In this study, we build on these cloud-scale concepts to develop a Lagrangian view of deep convection that applies to both convective initiation and the evolution of convective cloud objects. The perspective is conceptually separate from the formulation of the parameterization itself, meaning that the framework described here may be adopted to introduce memory into a range of convective schemes employed at resolutions nearing or within the gray zone. We begin with a description of the existing convective parameterization used in the Canadian NWP model in section 2. A case study of heavy precipitation in the Caribbean region is introduced in section 3, and used thereafter to examine the sensitivity of parameterized convection to a Lagrangian treatment of convective initiation (section 4) and the introduction of convective cloud objects (section 5). The study concludes with a discussion of the results in sections 6 and 7, wherein we note the potential for this framework to be extended to include cloud-specific prognostic equations to improve the representation of the cloud life cycle within the convective gray zone.

2. Data and methods

a. Model description

The Canadian Global Environmental Multiscale (GEM) model is employed throughout this study. This model is used in all operational NWP applications run at the Canadian Meteorological Centre to provide guidance to forecasters on scales from global (~39 km grid spacing) to local (~2.5 km grid spacing). Girard et al. (2014) describe the updated implicit, semi-Lagrangian dynamical core for GEM that solves the governing equations on a latitude–longitude Arakawa C grid. The vertical log-hydrostatic pressure, terrain-following coordinate is discretized following Charney and Phillips (1953).

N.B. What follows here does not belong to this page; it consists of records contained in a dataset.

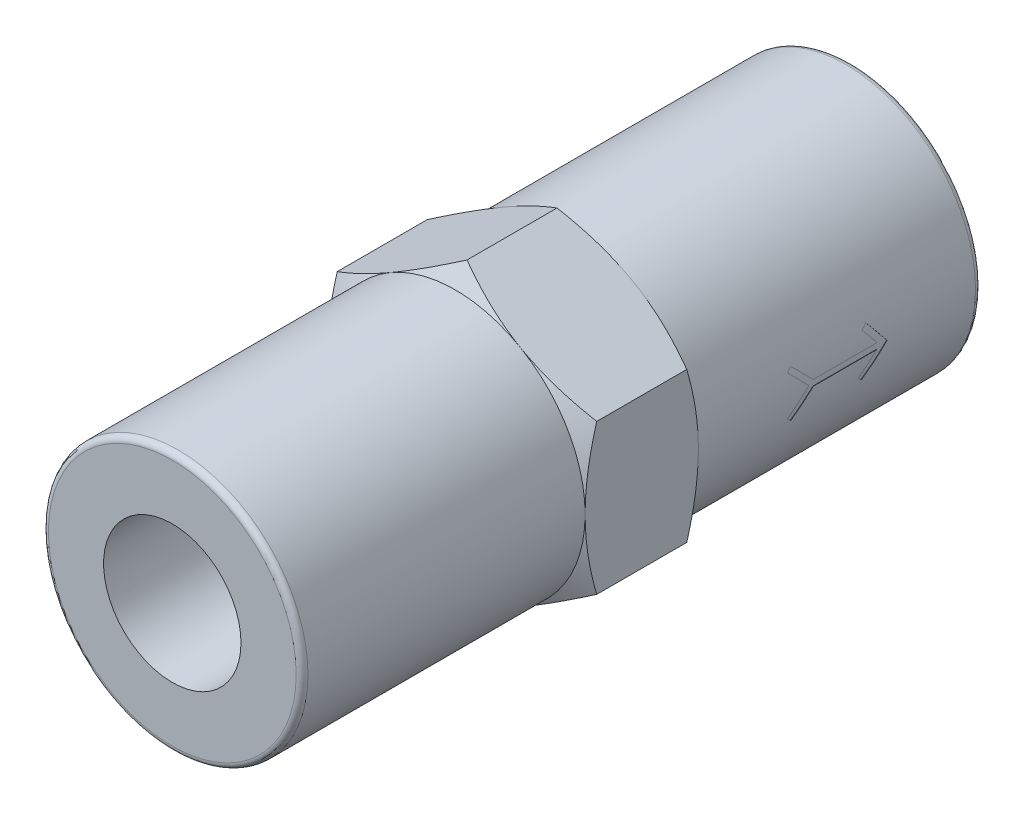
SolidWorks part; units mm, degrees
ref_plane "Front Plane" through (0, 0, 0) normal (0, 0, 1) x (1, 0, 0)
ref_plane "Top Plane" through (0, 0, 0) normal (0, 1, 0) x (1, 0, 0)
ref_plane "Right Plane" through (0, 0, 0) normal (1, 0, 0) x (0, 0, -1)
sketch "Sketch1" plane through (0, 0, 0) normal (1, 0, 0) x (0, 0, -1)
  line L0 (-22.86, 0) -> (22.86, 0) construction
  line L1 (-3.81, 0) -> (3.81, 0) construction
  line L2 (0, 8.7312) -> (0, -8.7312) construction
  line L3 (-22.86, 6.858) -> (-22.86, -6.858) construction
  line L4 (-22.86, 6.858) -> (-12.6543, 6.5402) construction
  line L5 (-12.6543, 6.5402) -> (-12.6543, 0) construction
  line L6 (22.86, 6.858) -> (22.86, -6.858) construction
  line L7 (22.86, 6.858) -> (12.6543, 6.5402) construction
  line L8 (12.6543, 6.5402) -> (12.6543, 0) construction
  line L9 (0, 4.6228) -> (0, -4.6228) construction
  point P17 (-22.86, 8.7312)
  point P18 (22.86, 8.7312)
  dimension "A1" = 1.783
  dimension "A2" = 1.783
sketch "Sketch1.1" plane through (0, 0, 0) normal (0, 0, 1) x (1, 0, 0)
  line L1 (0, 10.082) -> (-8.7312, 5.041)
  line L2 (-8.7312, 5.041) -> (-8.7313, -5.041)
  line L3 (-8.7313, -5.041) -> (0, -10.082)
  line L4 (0, -10.082) -> (8.7312, -5.041)
  line L5 (8.7312, -5.041) -> (8.7312, 5.041)
  line L6 (8.7312, 5.041) -> (0, 10.082)
  circle A0 centre (0, 0) radius 8.7312 construction
extrude "Extrude1" add sketch "Sketch1.1" along normal up to vertex (22.86 mm away) and the other way up to vertex (22.86 mm away) up to point (0, 0, 22.86) other way up to point (0, 0, -22.86)
ref_axis "Axis1" through (0, 0, -31.4325) along (0, 0, 1)
sketch "Sketch2.0" [suppressed] plane through (0, 0, 0) normal (0, 0, 1) x (1, 0, 0)
  circle A0 centre (0, 0) radius 12.7 construction
  circle A1 centre (0, 0) radius 12.7
extrude "Extrude2.0" [suppressed] cut sketch "Sketch2.0" along normal up to vertex and the other way up to vertex flip side to cut
sketch "Sketch2.1" [suppressed] plane through (0, 0, 32.385) normal (0, 0, 1) x (1, 0, 0)
  circle A0 centre (0, 0) radius 12.7 construction
  circle A1 centre (0, 0) radius 12.7
extrude "Extrude2.1" [suppressed] cut sketch "Sketch2.1" against normal through all draft 60 flip side to cut
sketch "Sketch2.2" [suppressed] plane through (0, 0, 6.985) normal (0, 0, -1) x (-1, 0, 0)
  circle A0 centre (0, 0) radius 12.7 construction
  circle A1 centre (0, 0) radius 12.7
extrude "Extrude2.2" [suppressed] cut sketch "Sketch2.2" against normal through all draft 60 flip side to cut
sketch "Sketch2.3" [suppressed] plane through (0, 0, -6.985) normal (0, 0, 1) x (1, 0, 0)
  circle A0 centre (0, 0) radius 12.7 construction
  circle A1 centre (0, 0) radius 12.7
extrude "Extrude2.3" [suppressed] cut sketch "Sketch2.3" against normal through all draft 60 flip side to cut
sketch "Sketch2.4" [suppressed] plane through (0, 0, -32.385) normal (0, 0, -1) x (-1, 0, 0)
  circle A0 centre (0, 0) radius 12.7 construction
  circle A1 centre (0, 0) radius 12.7
extrude "Extrude2.4" [suppressed] cut sketch "Sketch2.4" against normal through all draft 60 flip side to cut
sketch "Sketch2.5" [suppressed] plane through (0, 0, 0) normal (1, 0, 0) x (0, 0, -1)
  line L0 (-3.8678, 0) -> (5.715, 0) construction
  line L1 (5.715, 0) -> (2.8575, 2.8575)
  line L2 (-3.8678, 0) -> (-5.715, 0) construction
  line L3 (-5.715, 2.8575) -> (-3.2147, 0.3572)
  line L4 (-5.715, 2.8575) -> (-5.715, -2.8575) construction
  line L5 (2.8575, -2.8575) -> (5.715, 0)
  line L6 (-3.2147, -0.3572) -> (-5.715, -2.8575)
  line L7 (-5.715, -2.8575) -> (2.8575, -2.8575) construction
  line L8 (2.8575, -2.8575) -> (2.8575, 2.8575) construction
  line L9 (2.8575, 2.8575) -> (-5.715, 2.8575) construction
  line L10 (-6.985, 0) -> (-5.715, 0) construction
  line L12 (5.715, 0) -> (6.985, 0) construction
  line L14 (-5.715, 2.8575) -> (-6.2201, 2.3524)
  line L15 (-6.2201, 2.3524) -> (-3.8678, 0)
  line L16 (-5.715, -2.8575) -> (-6.2201, -2.3524)
  line L17 (-6.2201, -2.3524) -> (-3.8678, 0)
  line L18 (-3.2147, 0.3572) -> (4.3475, 0.3572)
  line L19 (-6.2201, 2.3524) -> (2.3524, 2.3524) construction
  line L20 (4.3475, -0.3572) -> (-3.2147, -0.3572)
  line L21 (2.8575, 2.8575) -> (2.3524, 2.3524)
  line L22 (2.3524, 2.3524) -> (4.3475, 0.3572)
  line L23 (-6.2201, -2.3524) -> (2.3524, -2.3524) construction
  line L24 (2.8575, -2.8575) -> (2.3524, -2.3524)
  line L25 (2.3524, -2.3524) -> (4.3475, -0.3572)
  line L26 (0.5664, 0.3572) -> (0.5664, -0.3572) construction
  line L27 (0.5664, 0) -> (0, 0) construction
  dimension "D1" = 0.7144
  dimension "D2" = 5.715
  dimension "D3" = 11.43
  dimension "D4" = 1.27
extrude "Extrude2.5" [suppressed] cut sketch "Sketch2.5" against normal blind 0.0254 from surface
pattern_circular "CirPattern1" [suppressed] count 2 over 360 about axis through (0, 0, -31.4325) along (0, 0, 1) of bodies 117
sketch "Sketch3.1" plane through (0, 0, 0) normal (0, 0, 1) x (1, 0, 0)
  circle A0 centre (0, 0) radius 8.7312
extrude "Extrude3.0" cut sketch "Sketch3.1" along normal up to vertex (22.86 mm away) from vertex flip side to cut up to point (0, 0, 22.86) starting at point (0, 0, 3.81)
extrude "Extrude3.1" cut sketch "Sketch3.1<2>" against normal up to vertex (22.86 mm away) from vertex flip side to cut up to point (0, 0, -22.86) starting at point (0, 0, -3.81)
sketch "Sketch3.1<2>" plane through (0, 0, 0) normal (0, 0, 1) x (1, 0, 0) same geometry as "Sketch3.1"
sketch "Sketch3.2" plane through (0, 0, 3.81) normal (0, 0, 1) x (1, 0, 0)
  circle A0 centre (0, 0) radius 8.7312 construction
  circle A1 centre (0, 0) radius 8.7312
extrude "Extrude3.2" cut sketch "Sketch3.2" against normal through all draft 60 flip side to cut
sketch "Sketch3.3" plane through (0, 0, -3.81) normal (0, 0, -1) x (-1, 0, 0)
  circle A0 centre (0, 0) radius 8.7312 construction
  circle A1 centre (0, 0) radius 8.7312
extrude "Extrude3.3" cut sketch "Sketch3.3" against normal through all draft 60 flip side to cut
fillet "Fillet1" radius 0.3969 2 edges at (8.7312, 0, -22.86) (8.7312, 0, 22.86)
sketch "Sketch3.4" plane through (0, 0, 0) normal (1, 0, 0) x (0, 0, -1)
  line L0 (10.16, 0) -> (16.51, 0) construction
  line L1 (3.81, 0) -> (10.16, 0) construction
  line L2 (16.51, 0) -> (22.86, 0) construction
  line L3 (22.86, -8.3344) -> (22.86, 8.3344) construction
  line L4 (10.16, 1.5875) -> (10.16, -1.5875) construction
  line L5 (10.16, -1.5875) -> (16.51, -1.5875) construction
  line L6 (16.51, -1.5875) -> (16.51, 1.5875) construction
  line L7 (16.51, 1.5875) -> (10.16, 1.5875) construction
  line L8 (10.16, 1.5875) -> (11.5491, 0.1984)
  line L9 (11.5491, -0.1984) -> (10.16, -1.5875)
  line L10 (10.16, -1.5875) -> (9.9111, -1.3386)
  line L11 (9.9111, -1.3386) -> (11.2497, 0)
  line L12 (11.2497, 0) -> (9.9111, 1.3386)
  line L13 (9.9111, 1.3386) -> (10.16, 1.5875)
  line L14 (15.2316, 1.5875) -> (14.9225, 1.3386)
  line L15 (14.9225, 1.3386) -> (9.9111, 1.3386) construction
  line L16 (9.9111, 1.3386) -> (9.9111, -1.3386) construction
  line L17 (9.9111, -1.3386) -> (14.6736, -1.3386) construction
  line L18 (14.9225, -1.5875) -> (14.9225, 1.3386) construction
  line L19 (14.9225, 1.3386) -> (15.8406, 0.1984)
  line L20 (15.2316, 1.5875) -> (16.51, 0)
  line L21 (16.51, 0) -> (14.9225, -1.5875)
  line L22 (14.9225, -1.5875) -> (14.6736, -1.3386)
  line L23 (14.6736, -1.3386) -> (15.8137, -0.1984)
  line L24 (11.5491, 0.1984) -> (15.8406, 0.1984)
  line L25 (11.5491, -0.1984) -> (15.8137, -0.1984)
  line L28 (13.335, -0.1984) -> (13.335, 0.1984) construction
  point P28 (13.335, 0)
  dimension "D2" = 0.3969
  dimension "D3" = 3.175
  dimension "D1" = 6.35
extrude "Extrude3.4" cut sketch "Sketch3.4" against normal blind 0.0254 from surface starting at face at (8.7312, 0, -22.4631)
pattern_circular "CirPattern3" count 2 over 360 about axis through (0, 0, -31.4325) along (0, 0, 1) of "Extrude3.4"
sketch "Sketch4" plane through (0, 0, 0) normal (0, 0, 1) x (1, 0, 0)
  circle A0 centre (0, 0) radius 4.6228
extrude "Extrude4" cut sketch "Sketch4" against normal through all and the other way through all
sketch "Sketch5" plane through (0, 0, 0) normal (0, 0, 1) x (1, 0, 0)
  circle A1 centre (0, 0) radius 4.6228 construction
  circle A2 centre (0, 0) radius 4.6228
extrude "Extrude5" add sketch "Sketch5" along normal up to vertex (3.81 mm away) and the other way up to vertex (3.81 mm away) up to point (0, 0, 3.81) other way up to point (0, 0, -3.81)
sketch "Sketch7" [suppressed] plane through (0, 0, 22.86) normal (0, 0, 1) x (1, 0, 0)
  circle A0 centre (0, 0) radius 6.858
extrude "Extrude7" [suppressed] cut sketch "Sketch7" against normal up to vertex draft 1.783
sketch "Sketch8" [suppressed] plane through (0, 0, 12.6543) normal (0, 0, 1) x (1, 0, 0)
  circle A0 centre (0, 0) radius 6.5402 construction
  circle A1 centre (0, 0) radius 6.5402
curve "Helix/Spiral1" [suppressed] parameters "Pitch 1"=1.4111
sketch "Sketch9" [suppressed] plane through (0, 0, 0) normal (1, 0, 0) x (0, 0, -1)
  line L0 (-12.0369, 6.5402) -> (-12.0369, 5.6237) construction
  line L1 (-12.7425, 6.693) -> (-11.3314, 6.693) construction
  line L2 (-11.3314, 6.693) -> (-12.0369, 5.4709) construction
  line L3 (-12.0369, 5.4709) -> (-12.7425, 6.693) construction
  line L4 (-12.6543, 6.5402) -> (-11.4196, 6.5402) construction
  line L5 (-12.0369, 6.5402) -> (-12.0369, 6.693) construction
  line L6 (-12.0369, 5.6237) -> (-12.0369, 5.4709) construction
  line L7 (-11.4196, 6.5402) -> (-11.9487, 5.6237)
  line L8 (-11.9487, 5.6237) -> (-12.1251, 5.6237)
  line L9 (-12.1251, 5.6237) -> (-12.7425, 6.693)
  line L12 (-12.7425, 6.693) -> (-11.4196, 6.5402)
  dimension "D1" = 0.1764
sweep "Sweep1" [suppressed] add profiles "Sketch9" path "Helix/Spiral1"
sketch "Sketch10" [suppressed] plane through (0, 0, 22.86) normal (0, 0, 1) x (1, 0, 0)
  circle A0 centre (0, 0) radius 6.858 construction
  circle A1 centre (0, 0) radius 6.858 construction
  circle A2 centre (0, 0) radius 7.2108
  dimension "D1" = 0.3528
extrude "Extrude8" [suppressed] cut sketch "Sketch10" against normal through all draft 45 and the other way through all draft 45
sketch "Sketch11" [suppressed] plane through (0, 0, -22.86) normal (0, 0, -1) x (-1, 0, 0)
  circle A0 centre (0, 0) radius 6.858
extrude "Extrude9" [suppressed] cut sketch "Sketch11" against normal up to vertex draft 1.783
sketch "Sketch12" [suppressed] plane through (0, 0, -12.6543) normal (0, 0, -1) x (-1, 0, 0)
  circle A0 centre (0, 0) radius 6.5402 construction
  circle A1 centre (0, 0) radius 6.5402
curve "Helix/Spiral2" [suppressed] parameters "Pitch 2"=1.4111
sketch "Sketch13" [suppressed] plane through (0, 0, 0) normal (1, 0, 0) x (0, 0, -1)
  line L0 (11.3314, 6.693) -> (12.0369, 5.4709) construction
  line L1 (12.0369, 5.4709) -> (12.7425, 6.693) construction
  line L2 (12.7425, 6.693) -> (11.3314, 6.693) construction
  line L3 (12.0369, 6.5402) -> (12.0369, 5.6237) construction
  line L4 (11.4196, 6.5402) -> (12.6543, 6.5402) construction
  line L5 (12.0369, 6.5402) -> (12.0369, 6.693) construction
  line L6 (11.9487, 5.6237) -> (11.4196, 6.5402)
  line L7 (11.4196, 6.5402) -> (12.7425, 6.693)
  line L8 (11.9487, 5.6237) -> (12.1251, 5.6237)
  line L9 (12.7425, 6.693) -> (12.1251, 5.6237)
  line L10 (12.0369, 5.6237) -> (12.0369, 5.4709) construction
  dimension "D1" = 0.1764
  dimension "A1" = 60
sweep "Sweep2" [suppressed] add profiles "Sketch13" path "Helix/Spiral2"
sketch "Sketch14" [suppressed] plane through (0, 0, -22.86) normal (0, 0, -1) x (-1, 0, 0)
  circle A0 centre (0, 0) radius 6.858 construction
  circle A1 centre (0, 0) radius 6.858 construction
  circle A2 centre (0, 0) radius 7.2108
  dimension "D1" = 0.3528
extrude "Extrude10" [suppressed] cut sketch "Sketch14" against normal through all draft 45 and the other way through all draft 45
equation "\"D6@Helix/Spiral1\" = \"A1@Sketch1\""
equation "\"D3@Helix/Spiral1\" = \"Thread Lenght 1@Sketch1\" + \"Pitch 1@Helix/Spiral1\""
equation "\"Pitch 1@Sketch9\" = \"Pitch 1@Helix/Spiral1\""
equation "\"D1@Sketch9\" = \"Pitch 1@Sketch9\" * 1 / 8"
equation "\"D1@Sketch10\" = \"Pitch 1@Helix/Spiral1\" * 1 / 4"
equation "\"D6@Helix/Spiral2\" = \"A2@Sketch1\""
equation "\"D3@Helix/Spiral2\" = \"Thread Lenght 2@Sketch1\" + \"Pitch 2@Helix/Spiral2\""
equation "\"Pitch 2@Sketch13\" = \"Pitch 2@Helix/Spiral2\""
equation "\"D1@Sketch13\" = \"Pitch 2@Sketch13\" * 1 / 8"
equation "\"D1@Sketch14\" = \"Pitch 2@Helix/Spiral2\" * 1 / 4"
equation "\"D2@Sketch2.5\" = \"D3@Sketch2.5\" * 1 / 2"
equation "\"D1@Sketch2.5\" = \"D2@Sketch2.5\" * 1 / 8"
equation "\"D3@Sketch3.4\" = \"D1@Sketch3.4\" * 1 / 2"
equation "\"D2@Sketch3.4\" = \"D3@Sketch3.4\" * 1 / 8"

The configuration used here is a form of the operational Regional Deterministic Prediction System that is scheduled for operational implementation in the summer of 2019. The domain for this system covers most of the Western Hemisphere north of the equator with a grid spacing of 0.09° (~10 km), placing it at the upper end of the convective “gray zone” (Tomassini et al. 2017; Field et al. 2017). The model’s 84 vertical levels are most tightly spaced near the lowest 10-m thermodynamic level, with 19 levels below 850 hPa over the ocean. Vertical resolution decreases slowly with height in the troposphere and more rapidly in the stratosphere such that layers near the 0.1 hPa model lid are approximately 1 km thick.

The physical parameterization package in this GEM configuration has undergone important updates in recent years, the details and impacts of which are described by McTaggart-Cowan et al. (2019, manuscript submitted to Mon. Wea. Rev.). A modified form of the Interactive Soil–Biosphere–Atmosphere (Noilhan and Planton 1989; Bélair et al. 2003a,b) land surface scheme evolves the terrestrial lower boundary condition, while the 1D ocean mixed layer model proposed by Zeng and Beljaars (2005) is used to represent the diurnal cycle of sea surface temperature. Updates to the Li and Barker (2005) radiative transfer scheme have impacts on stratospheric temperatures, but do not affect the results described here; nor do modifications to the Zadra et al. (2003) blocking and McFarlane (1987) orographic gravity wave drag parameterizations. However, a reduction of the effects of turbulent mixing in stratocumulus clouds and the use of the Bougeault and Lacarrère (1989) mixing length in turbulent regimes represent important changes to the Bélair et al. (2005) boundary layer scheme that affect convective activity. Likewise, the adoption of the Bechtold et al. (2001) mass-flux scheme to represent the effects of shallow cumulus has an impact on the development of the convective instability required for the initiation and maintenance of deep convective clouds as represented by the model’s convection parameterization [based on Kain and Fritsch (1990, 1992)]. Although it is changes to the latter that are the focus of this investigation, direct interaction also occurs between the convection and gridscale condensation schemes in the form of condensate detrainment from cloud updrafts. However, the Sundqvist et al. (1989) condensation scheme was one of the few components of physics package that did not undergo significant modification during this update.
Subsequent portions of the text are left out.